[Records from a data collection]
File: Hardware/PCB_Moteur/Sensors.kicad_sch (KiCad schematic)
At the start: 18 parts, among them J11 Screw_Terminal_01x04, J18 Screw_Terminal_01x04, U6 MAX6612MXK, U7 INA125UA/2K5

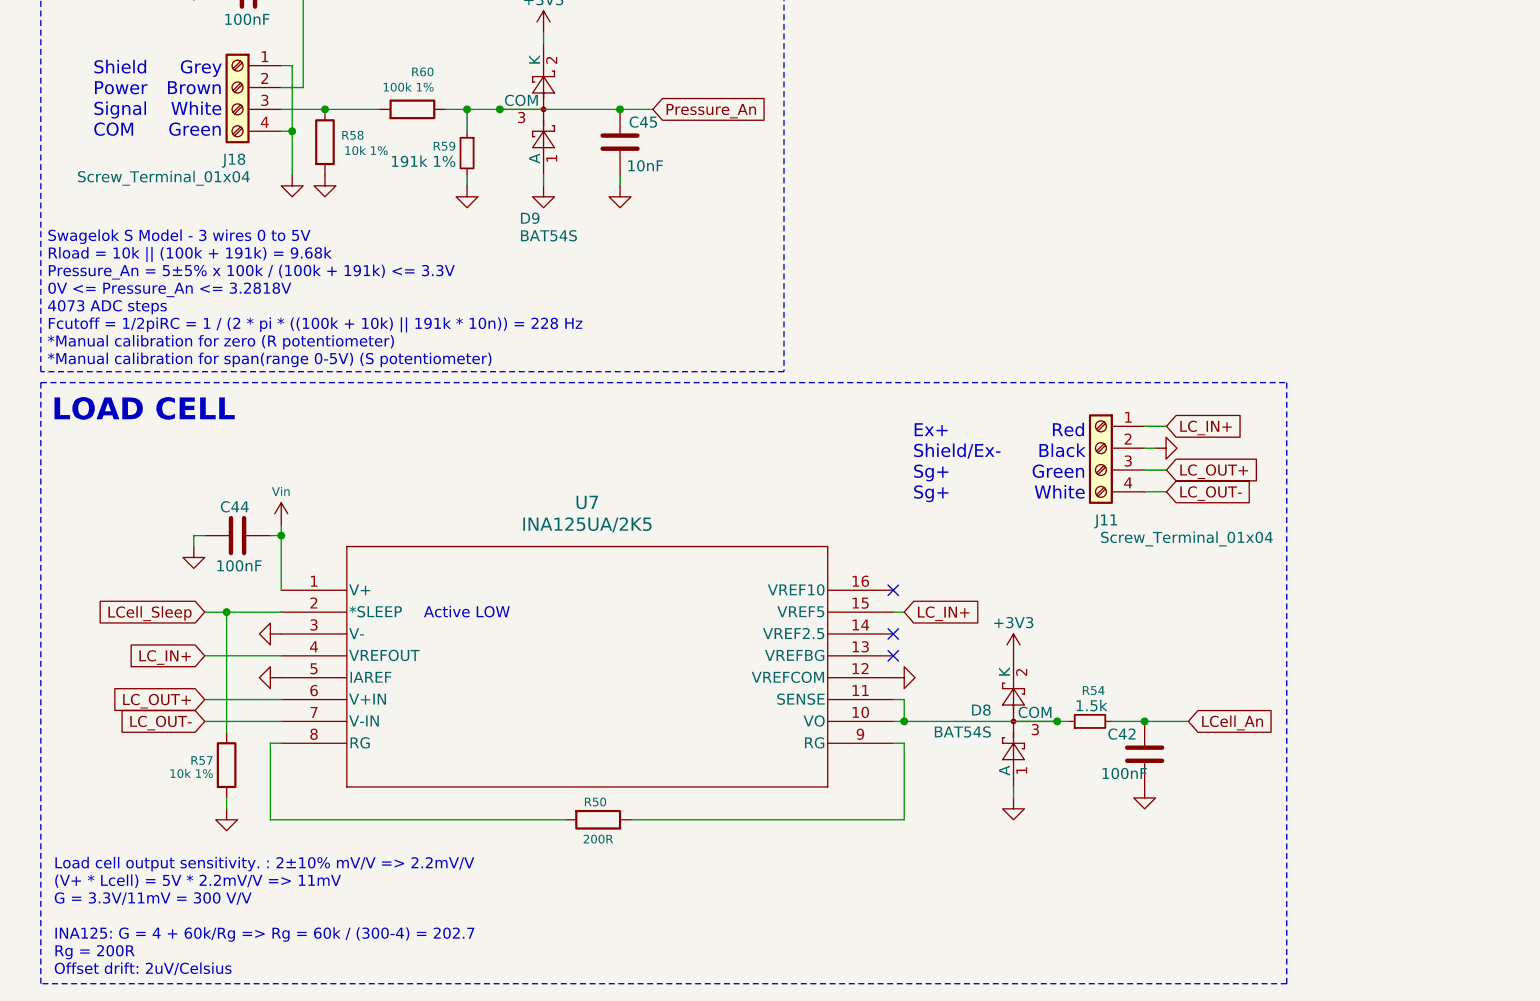
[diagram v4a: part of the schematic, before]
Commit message: fix : BOM errors, change cutoff freq for moteur, minor fixes for GSE
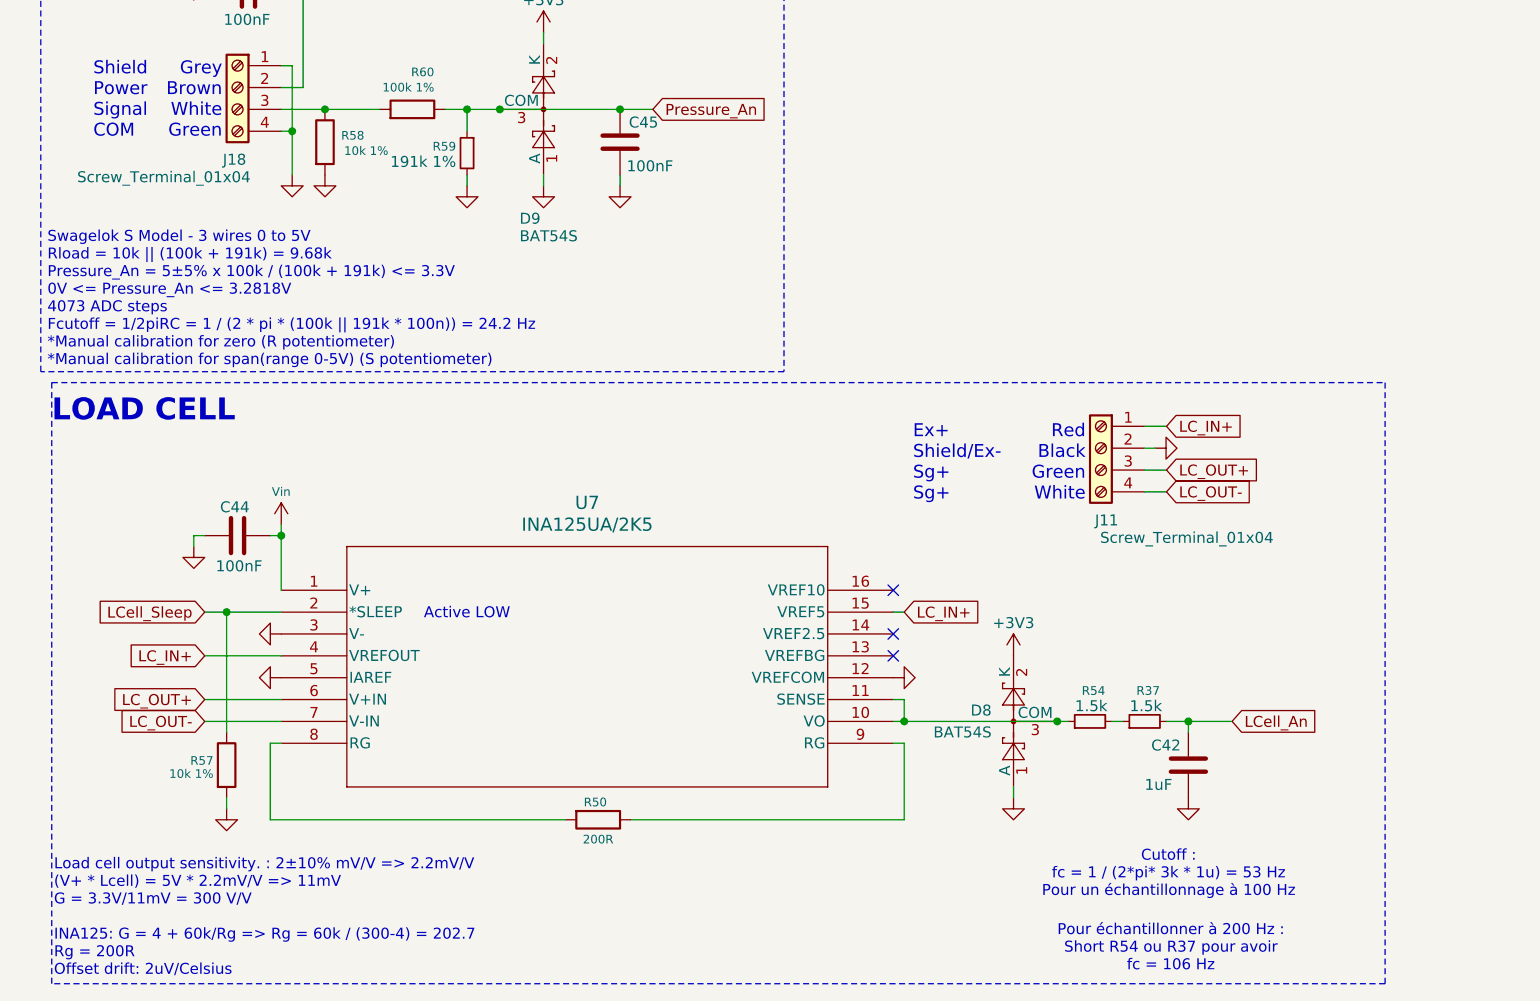
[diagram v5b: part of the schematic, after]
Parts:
- added R37: 1.5k, Resistor_SMD:R_0805_2012Metric, symbol Device:R_Small
- C42: value 100nF -> 1uF; DigiKey_Part_Number 399-C0805C104K5RACTUCT-ND -> 1276-1029-1-ND; Manufacturer_Part_Number C0805C104K5RACTU -> CL21B105KBFNNNE
- C45: value 10nF -> 100nF; footprint Capacitor_SMD:C_0603_1608Metric -> Capacitor_SMD:C_0805_2012Metric; DigiKey_Part_Number 399-C0603C103K5RACTUCT-ND -> 399-C0805C104K5RACTUCT-ND; Manufacturer_Part_Number C0603C103K5RACTU -> C0805C104K5RACTU
- D8, D9: footprint Package_TO_SOT_SMD:SOT-23 -> Package_TO_SOT_SMD:SOT-23-3
- R54: DigiKey_Part_Number P1.5KDBCT-ND -> 311-1.50KCRCT-ND; Manufacturer_Part_Number ERA-3AEB152V -> RC0805FR-071K5L
- R59: DigiKey_Part_Number P191KDBCT-ND -> 311-191KCRCT-ND; Manufacturer_Part_Number ERA-3AEB1913V -> RC0805FR-07191KL
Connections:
- net LCell_An: now also R37.2; no longer R54.2
- new net: R37.1, R54.2
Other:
- note added: "Cutoff : fc = 1 / (2*pi* 3k * 1u) = 53 Hz Pour un échantillonnage à 100 Hz"
- note added: "Pour échantillonner à 200 Hz : Short R54 ou R37 pour avoir fc = 106 Hz"
- note added: "Swagelok S Model - 3 wires 0 to 5V Rload = 10k || (100k + 191k) = 9.68k Pressure_An = 5±5% x 100k / (100k + 191k) <= 3.3V 0V <= Pressure_An <= 3.2818V 4073 ADC steps Fcutoff = 1/2piRC = 1 / (2 * pi * (100k || 191k * 100n)) = 24.2 Hz *Manual calibration for zero (R potentiometer) *Manual calibration for span(range 0-5V) (S potentiometer)"
- note removed: "Swagelok S Model - 3 wires 0 to 5V Rload = 10k || (100k + 191k) = 9.68k Pressure_An = 5±5% x 100k / (100k + 191k) <= 3.3V 0V <= Pressure_An <= 3.2818V 4073 ADC steps Fcutoff = 1/2piRC = 1 / (2 * pi * ((100k + 10k) || 191k * 10n)) = 228 Hz *Manual calibration for zero (R potentiometer) *Manual calibration for span(range 0-5V) (S potentiometer)"
- moved on the sheet: C42

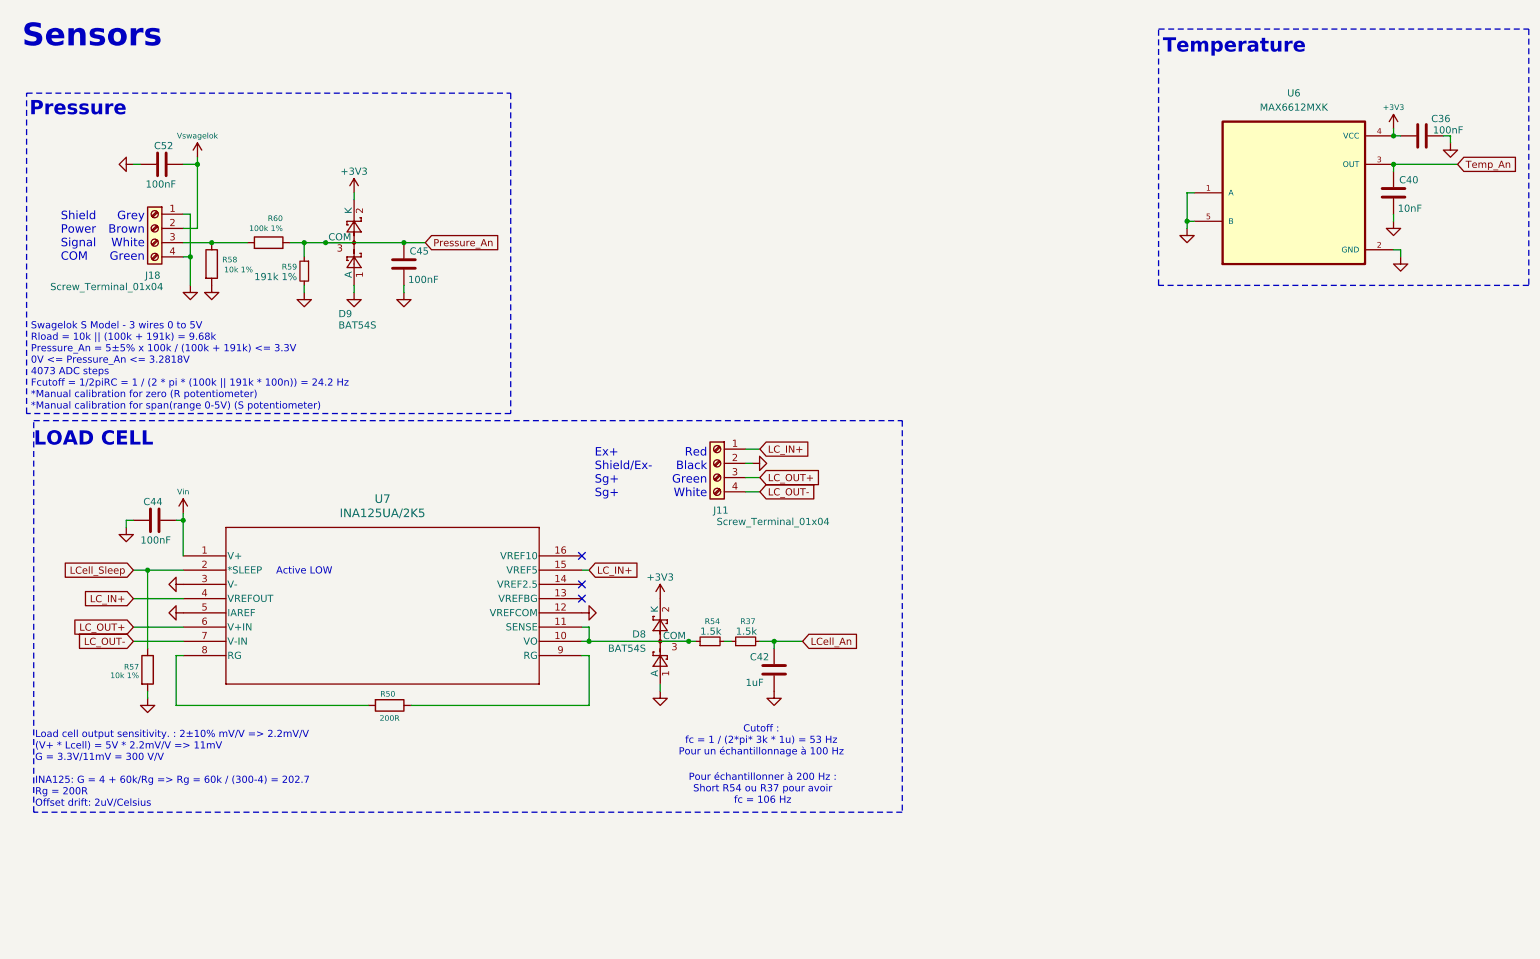
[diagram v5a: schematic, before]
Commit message: fix(moteur): change Swahelok S model -> Swagelok A model (adaptable) + 100R -> 100R 1% + silkscreen
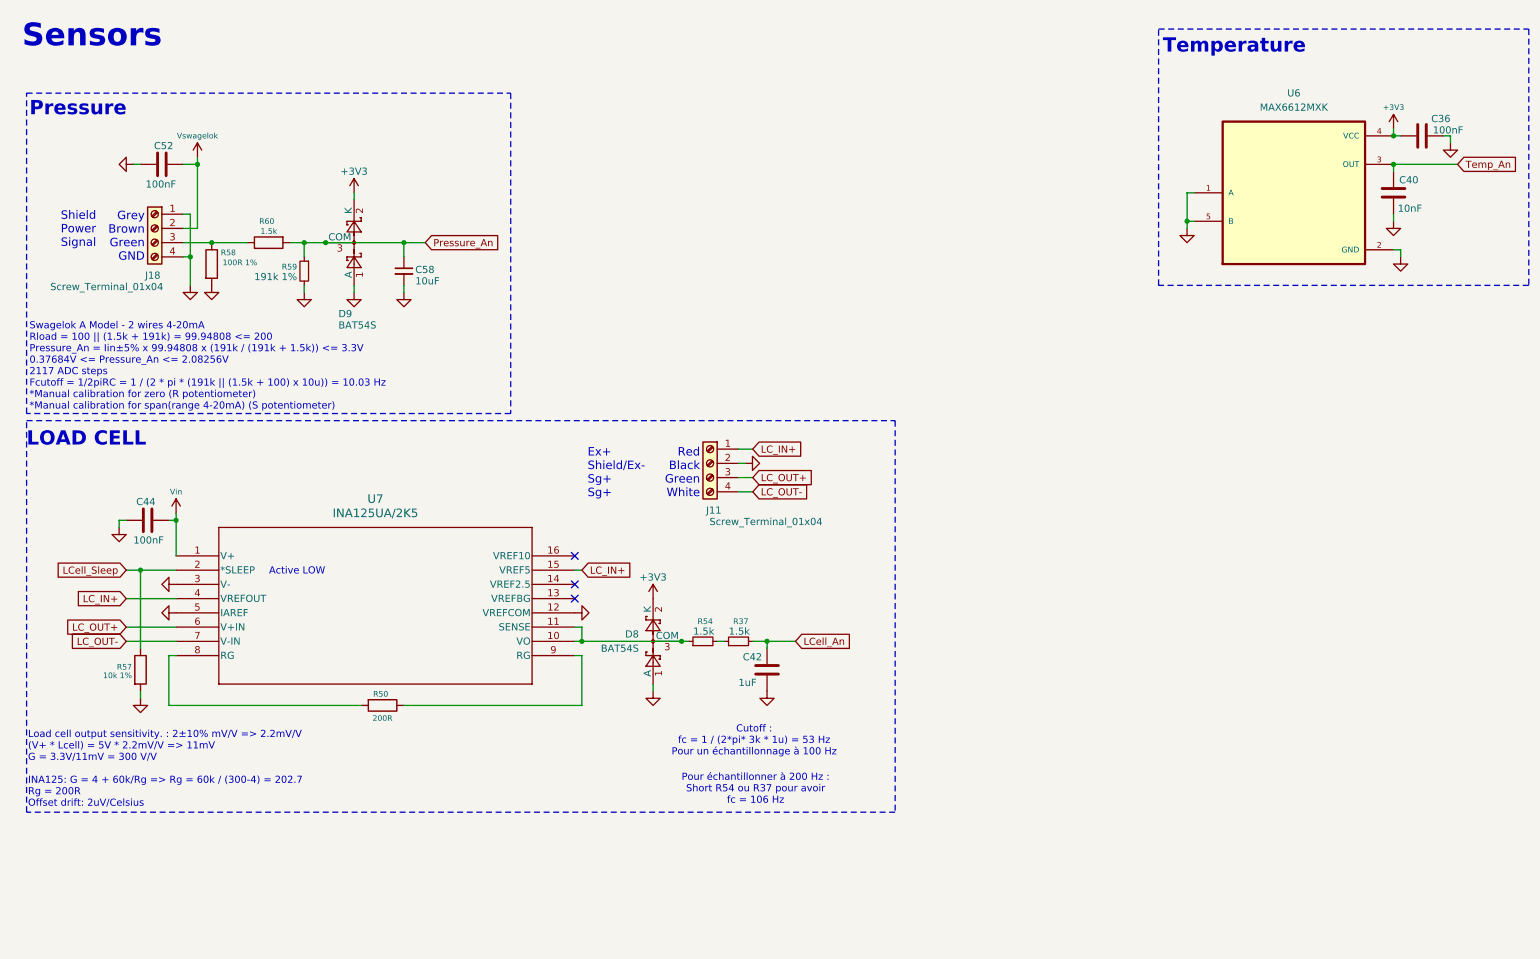
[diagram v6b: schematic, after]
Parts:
- removed C45: 100nF, Capacitor_SMD:C_0805_2012Metric, symbol Device:C
- added C58: 10uF, Capacitor_SMD:C_0805_2012Metric, symbol Device:C_Small
- R58: value 10k 1% -> 100R 1%; DigiKey_Part_Number 541-10.0KCCT-ND -> RT0805FRE07100RL; Manufacturer_Part_Number CRCW080510K0FKEA -> YAG3360CT-ND
- R60: value 100k 1% -> 1.5k; DigiKey_Part_Number 311-100KCRCT-ND -> 311-1.50KCRCT-ND; Manufacturer_Part_Number RC0805FR-07100KL -> RC0805FR-071K5L
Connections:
- net GND: now also C58.2
- net Pressure_An: now also R60.2, C58.1; no longer R60.1
- net at J18.3 (Pin_3), R58.1: now also R60.1; no longer R60.2
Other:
- note added: "Grey Brown Green GND"
- note added: "Shield Power Signal"
- note added: "Swagelok A Model - 2 wires 4-20mA Rload = 100 || (1.5k + 191k) = 99.94808 <= 200 Pressure_An = Iin±5% x 99.94808 x (191k / (191k + 1.5k)) <= 3.3V 0.37684V <= Pressure_An <= 2.08256V 2117 ADC steps Fcutoff = 1/2piRC = 1 / (2 * pi * (191k || (1.5k + 100) x 10u)) = 10.03 Hz *Manual calibration for zero (R potentiometer) *Manual calibration for span(range 4-20mA) (S potentiometer)"
- note removed: "Grey Brown White Green"
- note removed: "Shield Power Signal COM"
- note removed: "Swagelok S Model - 3 wires 0 to 5V Rload = 10k || (100k + 191k) = 9.68k Pressure_An = 5±5% x 100k / (100k + 191k) <= 3.3V 0V <= Pressure_An <= 3.2818V 4073 ADC steps Fcutoff = 1/2piRC = 1 / (2 * pi * (100k || 191k * 100n)) = 24.2 Hz *Manual calibration for zero (R potentiometer) *Manual calibration for span(range 0-5V) (S potentiometer)"
- moved on the sheet: C42, C44, D8, J11, R37, R50, R54, R57, U7

● The problem
In the entries above, find the line containing "[diagram v4a: part of the schematic, before]" and the line containing "- added R37: 1.5k, Resistor_SMD:R_0805_2012Metric, symbol", then copy both and every line between them exactly, without any picture.

● Output below
[diagram v4a: part of the schematic, before]
Commit message: fix : BOM errors, change cutoff freq for moteur, minor fixes for GSE
[diagram v5b: part of the schematic, after]
Parts:
- added R37: 1.5k, Resistor_SMD:R_0805_2012Metric, symbol Device:R_Small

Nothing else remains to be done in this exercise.